__TASK TO CARRY OUT__.
Count the lines below that contain "Quaternions". Answer with the number alone.

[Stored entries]
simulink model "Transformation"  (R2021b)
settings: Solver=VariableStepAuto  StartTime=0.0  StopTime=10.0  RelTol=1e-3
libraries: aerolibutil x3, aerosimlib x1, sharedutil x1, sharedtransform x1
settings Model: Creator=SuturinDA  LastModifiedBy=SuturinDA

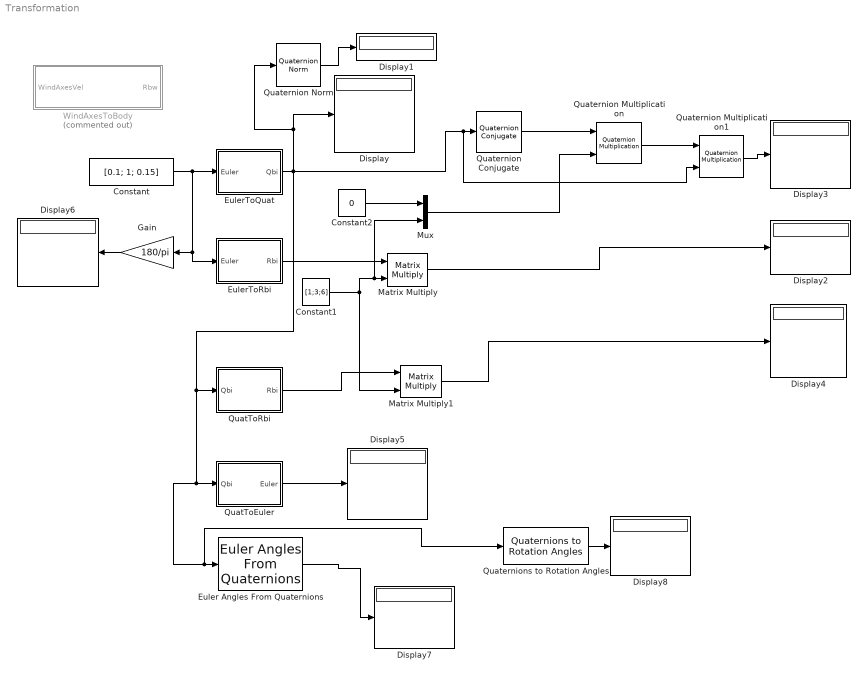
== system Transformation ==
  Constant : Constant  Value=[0.1; 1; 0.15]
  Constant1 : Constant  Value=[1;3;6]
  Constant2 : Constant  Value=0
  Display{,1..8} (9 alike) : Display
  Euler Angles From Quaternions : aerosimlib/Transformations/Euler Angles From Quaternions
  EulerToQuat : MATLAB Function  TreatAsAtomicUnit=on
  EulerToRbi : MATLAB Function  TreatAsAtomicUnit=on
  Gain : Gain  Gain=180/pi
  Matrix Multiply : Product  Multiplication=Matrix(*)
  Matrix Multiply1 : Product  Multiplication=Matrix(*)
  Mux : Mux  Inputs=2
  QuatToEuler : MATLAB Function  TreatAsAtomicUnit=on
  QuatToRbi : MATLAB Function  TreatAsAtomicUnit=on
  Quaternion Conjugate : aerolibutil/Quaternion Conjugate
      settings: SourceProductBaseCode=AE
  Quaternion Multiplication : aerolibutil/Quaternion Multiplication
  Quaternion Multiplication1 : aerolibutil/Quaternion Multiplication
  Quaternion Norm : sharedutil/Quaternion Norm  aMode=aMode
      settings: SourceProductBaseCode=AE,PW,DR,MT,UV,VE
  Quaternions to Rotation Angles : sharedtransform/Quaternions to Rotation Angles  rotationOrder=XYZ  aMode=aMode
      settings: SourceProductBaseCode=AE,PW,DR,MT,UV,VE
  WindAxesToBody : MATLAB Function  Commented=on  TreatAsAtomicUnit=on
  wires:
  Constant/1 -> EulerToRbi/1(Euler), Gain/1, EulerToQuat/1(Euler)
  EulerToQuat/1(Qbi) -> Quaternion Multiplication1/2, Quaternion Conjugate/1, Display/1, Quaternion Norm/1, QuatToEuler/1(Qbi), Quaternions to Rotation Angles/1, Euler Angles From Quaternions/1, QuatToRbi/1(Qbi)
  Quaternion Norm/1 -> Display1/1
  EulerToRbi/1(Rbi) -> Matrix Multiply/1
  Constant1/1 -> Matrix Multiply1/2, Mux/2, Matrix Multiply/2
  Matrix Multiply/1 -> Display2/1
  Constant2/1 -> Mux/1
  Quaternion Conjugate/1 -> Quaternion Multiplication/1
  Mux/1 -> Quaternion Multiplication/2
  Quaternion Multiplication/1 -> Quaternion Multiplication1/1
  Quaternion Multiplication1/1 -> Display3/1
  QuatToRbi/1(Rbi) -> Matrix Multiply1/1
  Matrix Multiply1/1 -> Display4/1
  QuatToEuler/1(Euler) -> Display5/1
  Gain/1 -> Display6/1
  Euler Angles From Quaternions/1 -> Display7/1
  Quaternions to Rotation Angles/1 -> Display8/1

== matlab function Transformation/WindAxesToBody ==
  data: WindAxesVel input; Rbw output
function Rbw = fcn(WindAxesVel)

Va = WindAxesVel(1);
a = WindAxesVel(2);
b = WindAxesVel(3);

Rbs = [[cos(a) 0 -sin(a)];
    [0 1 0];
    [sin(a) 0 cos(a)]];

Rws = [[cos(b) sin(b) 0];
    [-sin(b) cos(b) 0];
    [0 0 1]];

Rbw = Rbs * Rws';
end

== matlab function Transformation/EulerToQuat ==
  data: Euler input; Qbi output
function Qbi = fcn(Euler)

phi = Euler(1);
theta = Euler(2);
psi = Euler(3);

q1 = [cos(psi/2) 0 0 sin(psi/2)];
q2 = [cos(theta/2) 0 sin(theta/2) 0];
q3 = [cos(phi/2) sin(phi/2) 0 0];

Qib = quatmultiply(quatmultiply(q1, q2), q3);

tempQbi = quatconj(Qib);

Qbi = reshape(tempQbi, 4, 1);
end

== matlab function Transformation/QuatToRbi ==
  data: Qbi input; Rbi output
function Rbi = fcn(Qbi)

q0 = Qbi(1);
q1 = Qbi(2);
q2 = Qbi(3);
q3 = Qbi(4);

Rbi = [[(1-2*q2*q2-2*q3*q3) 2*(q1*q2+q3*q0) 2*(q1*q3-q0*q2)];
    [2*(q1*q2-q3*q0) (q0*q0+q2*q2-q1*q1-q3*q3) 2*(q2*q3+q1*q0)];
    [2*(q1*q3+q0*q2) 2*(q2*q3-q1*q0) (q0*q0+q3*q3-q1*q1-q2*q2)]];

== matlab function Transformation/QuatToEuler ==
  data: Qbi input; Euler output
function Euler = fcn(Qbi)

q0 = Qbi(1);
q1 = Qbi(2);
q2 = Qbi(3);
q3 = Qbi(4);

phi = atan2(2*(q0*q1+q2*q3), (q0*q0+q3*q3-q1*q1-q2*q2));
theta = asin(2*(q0*q2-q1*q3));
psi = atan2(2*(q0*q3+q1*q2), (q0*q0+q1*q1-q2*q2-q3*q3));

phi = mod(phi + pi, 2*pi) - pi;
theta = mod(theta + pi, 2*pi) - pi;
psi = mod(psi + pi, 2*pi) - pi;

Euler = [phi; theta; psi];

end

== matlab function Transformation/EulerToRbi ==
  data: Euler input; Rbi output
function Rbi = fcn( Euler)

phi = Euler(1);
theta = Euler(2);
psi = Euler(3);

R1 = [[cos(psi) sin(psi) 0];
    [-sin(psi) cos(psi) 0];
    [0 0 1]];

R2 = [[cos(theta) 0 -sin(theta)];
    [0 1 0];
    [sin(theta) 0 cos(theta)]];

R3 = [[1 0 0];
    [0 cos(phi) sin(phi)];
    [0 -sin(phi) cos(phi)]];

Rib = R3*R2*R1;
Rbi = Rib';
end

__EXERCISE RESULT__.
5